Katinka Steuer died in this state on October 6, 1924, intestate and leaving as her heirs at law four sisters and one brother. One of the sisters, Minnie Larsen, was duly appointed administratrix of the estate, which was of the value of about $3,500. During the course of administration, Christian Larsen, the husband of this administratrix, presented to her his verified claim against the estate, reading as follows: "For board, room and care furnished to Katinka Steuer from November 27, 1920, to November 27, 1923, total thirty-six months at $70 per month — $2520." This claim was in due time approved by the administratrix and allowed by the probate judge. The administratrix then presented her final account, from which it appeared that, after the payment of this claim and the expenses of administration, nothing was left in the estate to be distributed to the heirs. These heirs, other than Minnie Larsen, the administratrix, protested against the allowance of the Larsen claim upon the grounds that a large portion of it was barred by the statute of limitations. These objections were overruled and the account was settled and the decree in accordance therewith was entered. From this decree the heirs of the decedent, other than the administratrix, have appealed.
[1] The sole ground urged on the appeal is that all that portion of the claim which did not cover services rendered within the two-year period was barred by the provisions of section 339 of the Code of Civil Procedure. In this connection attention is directed to section 1499 of the same code, which provides that no claim must be allowed by the executor or administrator or by a judge of the court which is barred by the statute of limitations. These express inhibitions in the statute are conceded by the respondent and the only argument which she makes in support of the decree is that the claim does not appear on its face to be barred and that no evidence was offered to show that the claim was not based upon some instrument in writing sufficient to take it out of the bar of section 339 To the latter point the appellants correctly answer that if the claim were based upon any such instrument it was incumbent upon the claimant, under section1497 of the Code of Civil Procedure, to attach a copy of the instrument to the *Page 586 statement of the claim and to file it therewith. In that case the claim must be based on the written instrument. Here the claim is merely "for board, room and care . . . from November 27, 1920, to November 27, 1923, total, thirty-six months at $70 per month," and is based on the legal presumption to pay for services rendered. The case is on all-fours with Etchas v. Orena,127 Cal. 588 [60 P. 45]. There a claim, in the same form as the above, was presented for services rendered to the deceased "from June 1, 1885, to June, 1895 . . . at $30 a month." In that case the supreme court say (p. 592): "It appears, therefore, on theface of the claim as presented, that all that part of it was barred by the statute except for services that became due on or after January 19, 1894. If barred by the statute of limitations, the claim could not be allowed by the executor or the judge. (Code Civ. Proc., sec. 1499)." (Emphasis ours.)

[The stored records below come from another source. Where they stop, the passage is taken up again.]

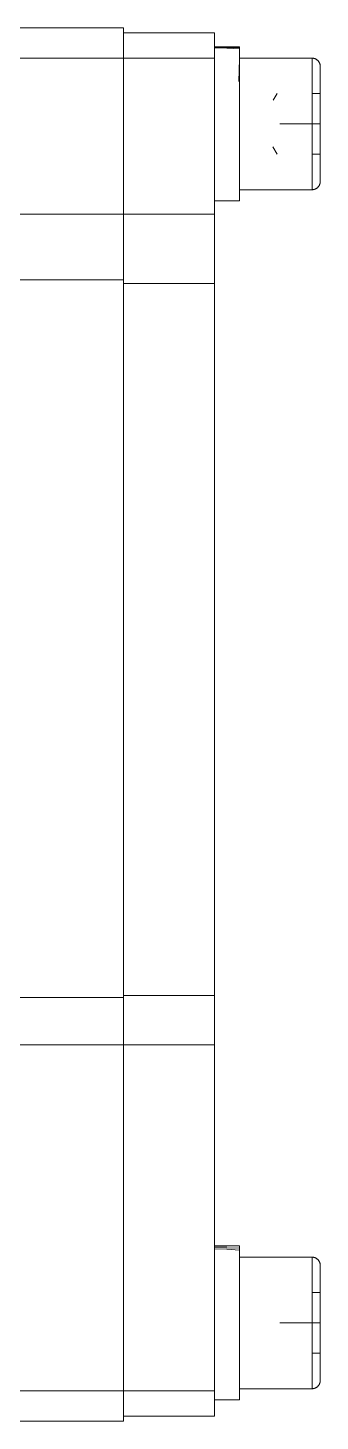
# Model space of a CAD drawing. Extents: x 0 to 160756, y 0 to 229247.
# Drawn here: x 47152.9 to 47181.8, y 70202 to 70339.7 of the extents above; entities that cross this region are included whole.
import ezdxf

# ---------------------------------------------------------------- set-up
doc = ezdxf.new("R2010")
doc.units = 0
doc.header["$LTSCALE"] = 10
doc.layers.add('XCM7P30CDA$0$G-IMPT', color=252, linetype='Continuous', lineweight=5)
doc.layers.add('XCM7P30CDA$0$細線', color=252, linetype='Continuous', lineweight=5)
doc.layers.add('XCM7P30CDA$0$U-CDA-PIPE', color=252, linetype='Continuous')

# ---------------------------------------------------------------- blocks, each defined once
blk = doc.blocks.new('XCM7P30CDA$0$控制閥-150mm - 150A_m_dwg-1112871-閥組')
at = {"layer": 'XCM7P30CDA$0$G-IMPT'}
for p, q in [((166167.52, -5736.2), (166158.52, -5736.2)), ((166158.52, -5736.2), (166158.52, -5738.7)), ((166167.52, -5736.2), (166158.52, -5736.2)), ((166158.52, -5738.7), (166158.52, -5736.2)), ((166158.52, -5736.2), (166167.52, -5736.2)), ((166342.52, -5735.7), (166167.52, -5735.7)), ((166167.52, -5738.7), (166167.52, -5735.7)), ((166167.52, -5735.7), (166167.52, -5738.7)), ((166167.52, -5735.7), (166342.52, -5735.7)), ((166167.52, -5735.7), (166342.52, -5735.7)), ((166167.52, -5738.7), (166167.52, -5736.2)), ((166167.52, -5736.2), (166167.52, -5738.7)), ((166158.52, -5737.59), (166156.06, -5737.59)), ((166156.06, -5739.94), (166156.06, -5737.59)), ((166156.06, -5737.59), (166156.06, -5738.71)), ((166156.06, -5737.6), (166156.06, -5740.03)), ((166156.06, -5737.76), (166156.06, -5737.66)), ((166156.06, -5737.66), (166156.06, -5738.75)), ((166158.52, -5739.72), (166158.52, -5737.59)), ((166158.52, -5737.59), (166158.52, -5752.76)), ((166158.52, -5737.61), (166158.52, -5741.2)), ((166158.52, -5737.62), (166158.52, -5740.07)), ((166158.52, -5737.62), (166158.52, -5741.26)), ((166158.52, -5739.89), (166158.52, -5737.68)), ((166156.06, -5738.7), (166148.86, -5738.7)), ((166156.06, -5738.7), (166148.86, -5738.7)), ((166148.86, -5739.83), (166148.86, -5738.7)), ((166148.86, -5739.83), (166148.86, -5738.7)), ((166156.06, -5738.7), (166156.06, -5740.01)), ((166156.06, -5745.2), (166156.06, -5738.71)), ((166156.06, -5738.71), (166156.06, -5739.82)), ((166156.06, -5738.71), (166156.09, -5740.03)), ((166156.06, -5738.75), (166156.11, -5741.02)), ((166156.06, -5745.2), (166156.06, -5738.86)), ((166158.52, -5738.7), (166167.52, -5738.7)), ((166158.52, -5738.7), (166158.52, -5754.13)), ((166158.52, -5738.7), (166167.52, -5738.7)), ((166167.52, -5754.13), (166167.52, -5738.7)), ((166167.52, -5738.7), (166167.52, -5754.13)), ((166342.52, -5738.7), (166167.52, -5738.7)), ((166167.52, -5738.7), (166206.21, -5738.7)), ((166148.06, -5739.5), (166148.06, -5750.9)), ((166148.06, -5750.9), (166148.06, -5739.5)), ((166148.06, -5745.2), (166148.06, -5740.26)), ((166148.06, -5740.26), (166148.06, -5745.2)), ((166148.86, -5739.57), (166148.86, -5745.2)), ((166148.86, -5741.76), (166148.86, -5739.95)), ((166148.86, -5742.01), (166148.86, -5740.6)), ((166148.86, -5742.01), (166148.86, -5740.6)), ((166156.06, -5752.81), (166156.06, -5740.11)), ((166156.06, -5740.13), (166156.06, -5752.81)), ((166156.06, -5740.32), (166156.06, -5745.2)), ((166156.06, -5740.7), (166156.06, -5745.2)), ((166158.52, -5752.8), (166158.52, -5740.07)), ((166158.52, -5740.26), (166158.52, -5752.81)), ((166158.52, -5752.81), (166158.52, -5740.67)), ((166148.06, -5745.2), (166148.06, -5742.2)), ((166148.06, -5745.2), (166148.06, -5742.2)), ((166148.06, -5742.2), (166148.86, -5742.2)), ((166148.86, -5742.2), (166148.06, -5742.2)), ((166152.71, -5742.86), (166152.33, -5742.2)), ((166167.52, -5744.7), (166167.52, -5747.7)), ((166148.06, -5745.2), (166148.06, -5750.14)), ((166148.06, -5750.14), (166148.06, -5745.2)), ((166148.06, -5748.2), (166148.06, -5745.2)), ((166148.06, -5748.2), (166148.06, -5745.2)), ((166148.06, -5745.2), (166152.06, -5745.2)), ((166148.06, -5745.2), (166152.06, -5745.2)), ((166148.06, -5745.2), (166152.06, -5745.2)), ((166148.06, -5745.2), (166152.06, -5745.2)), ((166148.86, -5748.64), (166148.86, -5745.2)), ((166156.06, -5745.2), (166156.06, -5745.2)), ((166156.06, -5745.2), (166156.06, -5745.2)), ((166152.76, -5747.45), (166152.33, -5748.2)), ((166148.86, -5748.2), (166148.06, -5748.2)), ((166148.06, -5748.2), (166148.86, -5748.2)), ((166148.86, -5751.7), (166148.86, -5748.39)), ((166148.86, -5751.7), (166148.86, -5748.39)), ((166167.52, -5747.7), (166167.52, -5751.7)), ((166148.86, -5751.7), (166156.06, -5751.7)), ((166148.86, -5751.7), (166156.06, -5751.7)), ((166156.06, -5752.81), (166158.52, -5752.81)), ((166156.06, -5752.81), (166158.52, -5752.81)), ((166158.52, -5754.13), (166167.52, -5754.13)), ((166158.52, -5754.13), (166158.52, -5760.96)), ((166158.52, -5760.96), (166158.52, -5754.13)), ((166158.52, -5754.13), (166167.52, -5754.13)), ((166167.52, -5760.6), (166167.52, -5754.13)), ((166167.52, -5754.13), (166167.52, -5760.96)), ((166167.52, -5760.96), (166167.52, -5754.13)), ((166167.52, -5754.13), (166342.52, -5754.13)), ((166158.52, -5760.96), (166167.52, -5760.96)), ((166158.52, -5760.96), (166158.52, -5831.32)), ((166158.52, -5831.32), (166158.52, -5760.96)), ((166158.52, -5760.96), (166167.52, -5760.96)), ((166167.52, -5831.55), (166167.52, -5760.6)), ((166167.52, -5760.6), (166342.52, -5760.6)), ((166167.52, -5760.96), (166167.52, -5831.32)), ((166167.52, -5831.32), (166167.52, -5760.96)), ((166167.52, -5775.35), (166167.52, -5779.4)), ((166167.52, -5779.4), (166167.52, -5803.7)), ((166158.52, -5831.32), (166167.52, -5831.32)), ((166158.52, -5831.32), (166158.52, -5836.2)), ((166158.52, -5836.2), (166158.52, -5831.32)), ((166158.52, -5831.32), (166167.52, -5831.32)), ((166167.52, -5831.32), (166167.52, -5836.2)), ((166167.52, -5836.2), (166167.52, -5831.32)), ((166167.52, -5836.2), (166167.52, -5831.55)), ((166167.52, -5831.55), (166342.52, -5831.55)), ((166158.52, -5836.2), (166167.52, -5836.2)), ((166158.52, -5836.2), (166158.52, -5870.4)), ((166158.52, -5836.2), (166167.52, -5836.2)), ((166167.52, -5870.4), (166167.52, -5836.2)), ((166167.52, -5836.2), (166167.52, -5870.4)), ((166342.52, -5836.2), (166167.52, -5836.2)), ((166158.52, -5856.09), (166156.06, -5856.09)), ((166158.52, -5856.09), (166156.06, -5856.09)), ((166156.06, -5856.09), (166156.06, -5871.3)), ((166156.06, -5871.31), (166156.06, -5856.13)), ((166156.06, -5856.13), (166156.06, -5857.23)), ((166156.06, -5856.49), (166156.06, -5856.31)), ((166156.06, -5856.31), (166156.06, -5857.38)), ((166158.52, -5856.09), (166158.52, -5871.12)), ((166158.52, -5871.26), (166158.52, -5856.09)), ((166158.52, -5856.18), (166158.52, -5871.31)), ((166158.52, -5856.18), (166158.52, -5859.82)), ((166158.52, -5856.22), (166158.52, -5859.72)), ((166158.52, -5871.31), (166158.52, -5856.36)), ((166156.06, -5857.2), (166148.86, -5857.2)), ((166156.06, -5857.2), (166148.86, -5857.2)), ((166148.86, -5860.51), (166148.86, -5857.2)), ((166148.86, -5863.7), (166148.86, -5857.2)), ((166148.86, -5860.51), (166148.86, -5857.2)), ((166148.86, -5860.51), (166148.86, -5857.2)), ((166156.06, -5857.2), (166156.06, -5863.7)), ((166156.06, -5863.7), (166156.06, -5857.2)), ((166156.06, -5857.23), (166156.06, -5863.7)), ((166156.06, -5863.7), (166156.06, -5857.55)), ((166148.06, -5858), (166148.06, -5860.81)), ((166148.06, -5858), (166148.06, -5869.4)), ((166148.06, -5860.81), (166148.06, -5858)), ((166148.06, -5860.81), (166148.06, -5858)), ((166148.06, -5863.7), (166148.06, -5860.7)), ((166148.06, -5860.7), (166148.86, -5860.7)), ((166148.06, -5860.7), (166148.86, -5860.7)), ((166148.06, -5863.7), (166148.06, -5860.83)), ((166148.06, -5860.85), (166148.06, -5869.4)), ((166148.06, -5869.4), (166148.06, -5860.85)), ((166148.06, -5869.4), (166148.06, -5860.85)), ((166148.06, -5866.7), (166148.06, -5863.7)), ((166148.06, -5866.7), (166148.06, -5863.7)), ((166148.06, -5863.7), (166152.06, -5863.7)), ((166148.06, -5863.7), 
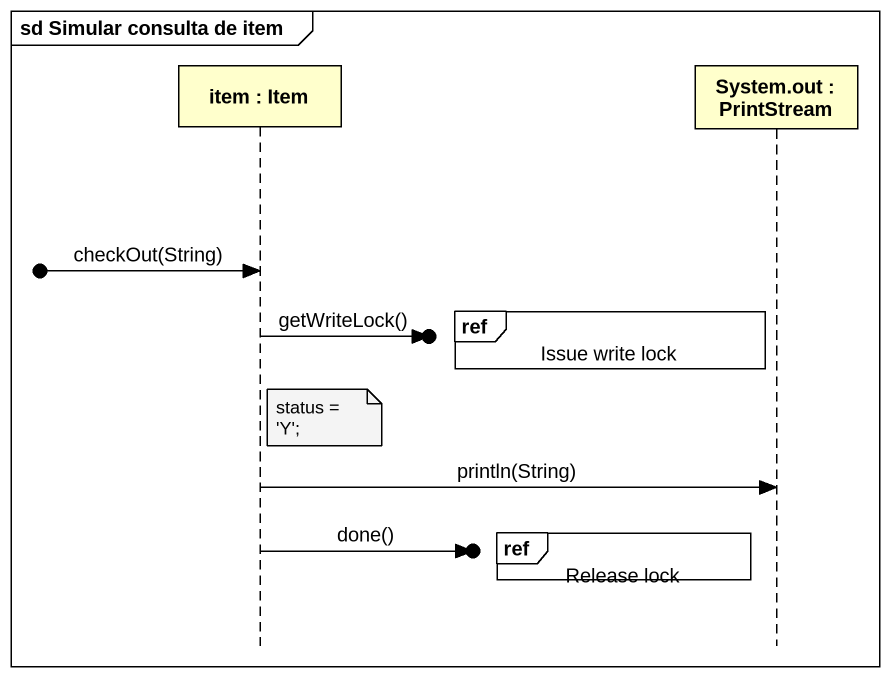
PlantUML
@startuml
mainframe sd Simular consulta de item
hide footbox
participant "item : Item" as item
participant "System.out : PrintStream" as System_out

[o-> item : checkOut(String)
ref over System_out : Issue write lock
item ->o] : getWriteLock()
note right of item : status = 'Y';
item -> System_out : println(String)
ref over System_out : Release lock
item ->o] : done()
@enduml
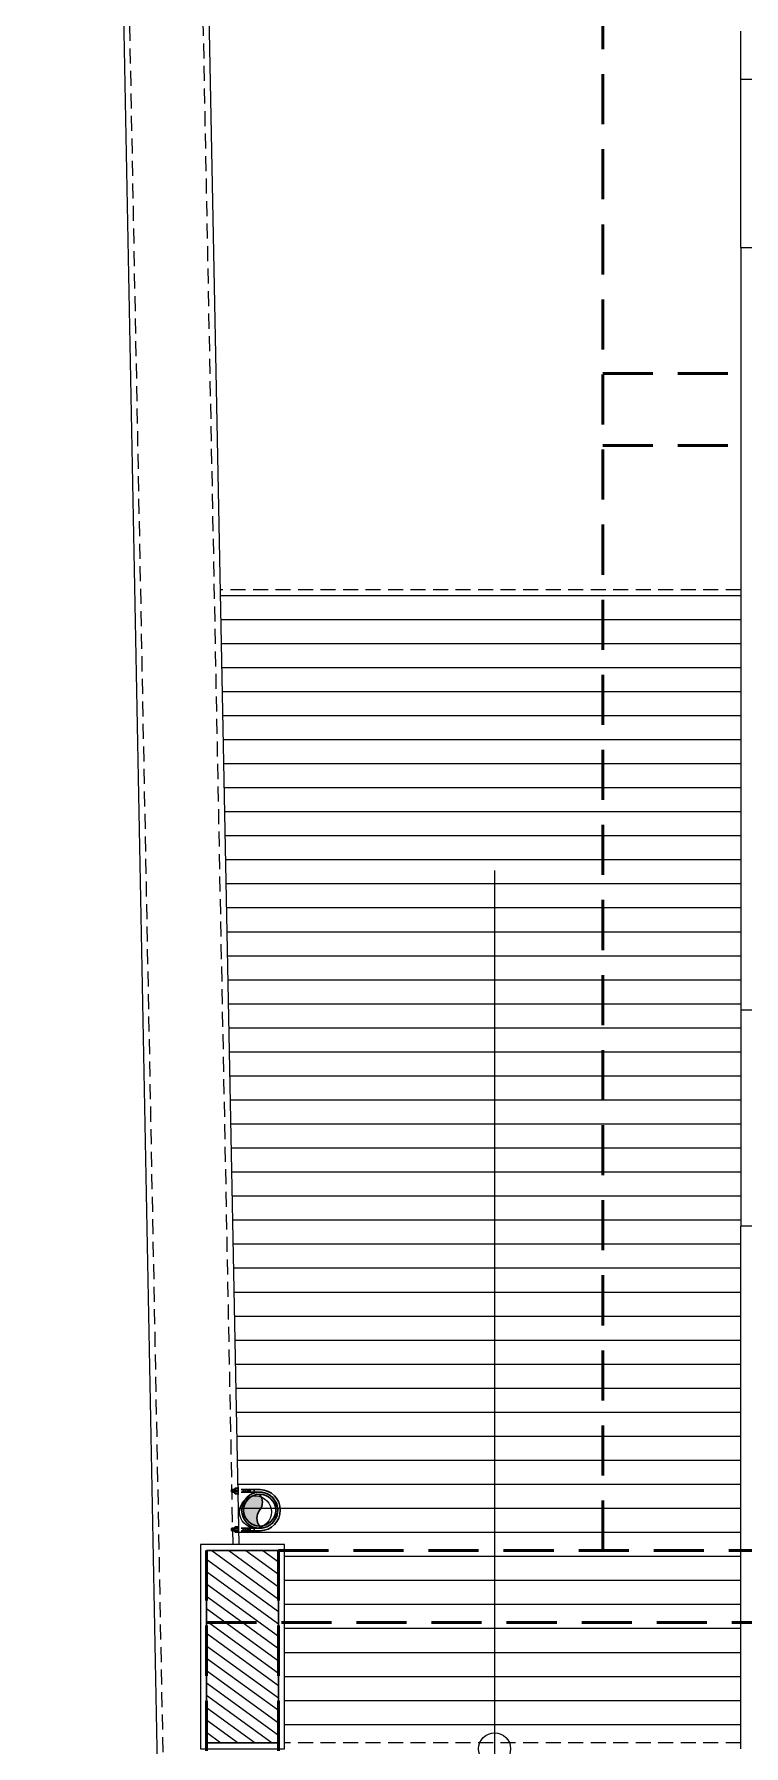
# Model space of a CAD drawing. Header units: inches. Extents: x -190799 to -189704, y -49100 to -46985.
# Drawn here: x -190586.6 to -190498, y -48160.2 to -47946.5 of the extents above; entities that cross this region are included whole.
import ezdxf

# ---------------------------------------------------------------- set-up
doc = ezdxf.new("R2010")
doc.units = ezdxf.units.IN
doc.header["$LTSCALE"] = 25
doc.header["$MEASUREMENT"] = 0
doc.linetypes.add('DASHED2', pattern=[0.375, 0.25, -0.125])
doc.layers.get('0').update_dxf_attribs({"lineweight": 0})
for name, color, linetype, lineweight in [('COLUMN', 1, 'Continuous', 30), ('COLUMNHATCH', 8, 'Continuous', 0), ('CWS', 180, 'Continuous', 18), ('elevation', 6, 'Continuous', 9), ('hidden', 7, 'DASHED2', 5), ('pipe', 6, 'Continuous', 15), ('PLASTER LINE', 1, 'Continuous', 5), ('PP-BEAM', 104, 'DASHED2', 50), ('SH - ANGLE SUPPORT', 7, 'Continuous', 30)]:
    doc.layers.add(name, color=color, linetype=linetype, lineweight=lineweight)
doc.layers.add('SH - RWP', color=140, linetype='Continuous')

# ---------------------------------------------------------------- blocks, each defined once
blk = doc.blocks.new('*X19')
at = {"color": 0}
for p, q in [((113.6040440224238, 341.4692042597887), (113.7240518539459, 341.5892120913109)), ((113.7279130090329, 341.4162965511011), (114.3176786467903, 342.0060621888587)), ((113.8423566890578, 341.3539635358294), (114.318169125598, 341.8297759723697)), ((113.9481308900426, 341.2829610415177), (114.3186596044057, 341.6534897558808)), ((114.0456951115147, 341.2037485676931), (114.3191500832134, 341.4772035393918)), ((114.1352787081868, 341.1165554690687), (114.3196405620211, 341.3009173229029)), ((114.2169109186877, 341.0214109842728), (114.3201310408288, 341.1246311064139)), ((114.2904245531791, 340.9181479234677), (114.3206215196365, 340.948344889925))]:
    blk.add_line(p, q, dxfattribs=at)
blk = doc.blocks.new('rwp')
at = {"layer": 'SH - RWP', "lineweight": 30}
h = blk.add_hatch(color=256, dxfattribs=at)
edge = h.paths.add_edge_path()
edge.add_ellipse((-188950.0968138671, -47122.30944276684), major_axis=(1.131884257421873, -1.131884257421873), ratio=1, start_angle=96.33861705314149, end_angle=173.6613829461683, ccw=False)
edge.add_ellipse((-188951.0968138671, -47121.05951319105), major_axis=(-1.414213562374951, -1.414213562374951), ratio=0.9999999999973742, start_angle=-45.000000000959574, end_angle=135.0000000008091, ccw=False)
edge.add_ellipse((-188952.0968138671, -47119.80958361528), major_axis=(-1.131884257421873, -1.131884257421873), ratio=1, start_angle=6.338617053141469, end_angle=83.66138294415512)
at = {"layer": 'SH - ANGLE SUPPORT'}
for p, q in [((-188953.666458093, -47121.00095880189, -967.949206592016), (-188953.6664580929, -47123.36738670984, -967.949206592016)), ((-188953.6664580924, -47121.00102040151, -967.949206592016), (-188953.6664580924, -47123.36744830938, -967.949206592016)), ((-188953.346458093, -47121.07673970977, -967.949206592016), (-188953.346458093, -47123.36738670984, -967.949206592016)), ((-188953.3464580924, -47121.07680130939, -967.949206592016), (-188953.3464580924, -47123.36744830938, -967.949206592016)), ((-188948.8471924546, -47121.07673970977, -967.949206592016), (-188948.8471924546, -47123.36738670984, -967.949206592016)), ((-188948.8471924541, -47121.07680130939, -967.949206592016), (-188948.8471924541, -47123.36744830938, -967.949206592016)), ((-188948.5271924546, -47121.00095880189, -967.949206592016), (-188948.5271924547, -47123.36738670984, -967.949206592016)), ((-188948.5271924541, -47121.00102040151, -967.949206592016), (-188948.5271924541, -47123.36744830938, -967.949206592016)), ((-188953.666458093, -47121.74960115636, -967.949206592016), (-188953.346458093, -47121.74960115636, -967.949206592016)), ((-188953.6664580924, -47121.74966275599, -967.949206592016), (-188953.3464580924, -47121.74966275599, -967.949206592016)), ((-188953.3368398501, -47122.23073078197, -967.949206592016), (-188953.6568398502, -47122.23073078197, -967.949206592016)), ((-188953.3368398497, -47122.23079238168, -967.949206592016), (-188953.6568398497, -47122.23079238168, -967.949206592016)), ((-188948.8568106974, -47122.23073078197, -967.949206592016), (-188948.5368106973, -47122.23073078197, -967.949206592016)), ((-188948.8568106974, -47122.23073078197, -967.949206592016), (-188948.5368106973, -47122.23073078197, -967.949206592016)), ((-188948.8568106969, -47122.23079238168, -967.949206592016), (-188948.5368106969, -47122.23079238168, -967.949206592016)), ((-188948.8568106967, -47122.23079238168, -967.949206592016), (-188948.5368106969, -47122.23079238168, -967.949206592016)), ((-188948.5271924547, -47121.74960115636, -967.949206592016), (-188948.8471924546, -47121.74960115636, -967.949206592016)), ((-188948.5271924546, -47121.74960115636, -967.949206592016), (-188948.8471924546, -47121.74960115636, -967.949206592016)), ((-188948.5271924541, -47121.74966275599, -967.949206592016), (-188948.8471924541, -47121.74966275599, -967.949206592016)), ((-188948.5271924541, -47121.74966275599, -967.949206592016), (-188948.8471924541, -47121.74966275599, -967.949206592016)), ((-188953.8903525634, -47123.66232684848, -967.949206592016), (-188953.8903525634, -47123.72276761325, -967.949206592016)), ((-188953.8903525629, -47123.66238844811, -967.949206592016), (-188953.8903525629, -47123.7228292129, -967.949206592016)), ((-188953.8903525634, -47123.72276761325, -967.949206592016), (-188953.8576660083, -47123.75545416848, -967.949206592016)), ((-188953.8903525629, -47123.7228292129, -967.949206592016), (-188953.8576660078, -47123.75551576811, -967.949206592016)), ((-188953.1557098411, -47123.75545416848, -967.949206592016), (-188953.8576660083, -47123.75545416848, -967.949206592016)), ((-188953.1557098406, -47123.75551576811, -967.949206592016), (-188953.8576660078, -47123.75551576811, -967.949206592016)), ((-188953.8531016355, -47123.76033668287, -967.949206592016), (-188953.8531016355, -47124.10285181779, -967.949206592016)), ((-188953.8531016349, -47123.76039828252, -967.949206592016), (-188953.8531016349, -47124.10291341739, -967.949206592016)), ((-188953.8531016355, -47124.10285181779, -967.949206592016), (-188953.7785997794, -47124.17735367376, -967.949206592016)), ((-188953.8531016349, -47124.10291341739, -967.949206592016), (-188953.7785997789, -47124.17741527341, -967.949206592016)), ((-188953.2350942116, -47124.17735367376, -967.949206592016), (-188953.7785997794, -47124.17735367376, -967.949206592016)), ((-188953.2350942111, -47124.17741527341, -967.949206592016), (-188953.7785997789, -47124.17741527341, -967.949206592016)), ((-188953.6668827888, -47124.54097724138, -967.949206592016), (-188953.6142599813, -47124.59360004868, -967.949206592016)), ((-188953.6668827882, -47124.54103884092, -967.949206592016), (-188953.6142599809, -47124.59366164831, -967.949206592016)), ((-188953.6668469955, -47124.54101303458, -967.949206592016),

[2] Here the claim shows plainly on its face that it was a monthly charge for services rendered from November 27, 1920, to November 27, 1923. Because of this fact, it follows as of course that the portion of the claim covering services rendered beyond the two-year limitation of the statute is barred and was improperly allowed by the administratrix and the probate judge. The difference between the indebtedness incurred within the terms of the statute and the amount allowed would, therefore, be available for distribution to the heirs of the decedent and the order settling the first and final account was, therefore, prejudicial to them.
Order reversed, with costs to appellants.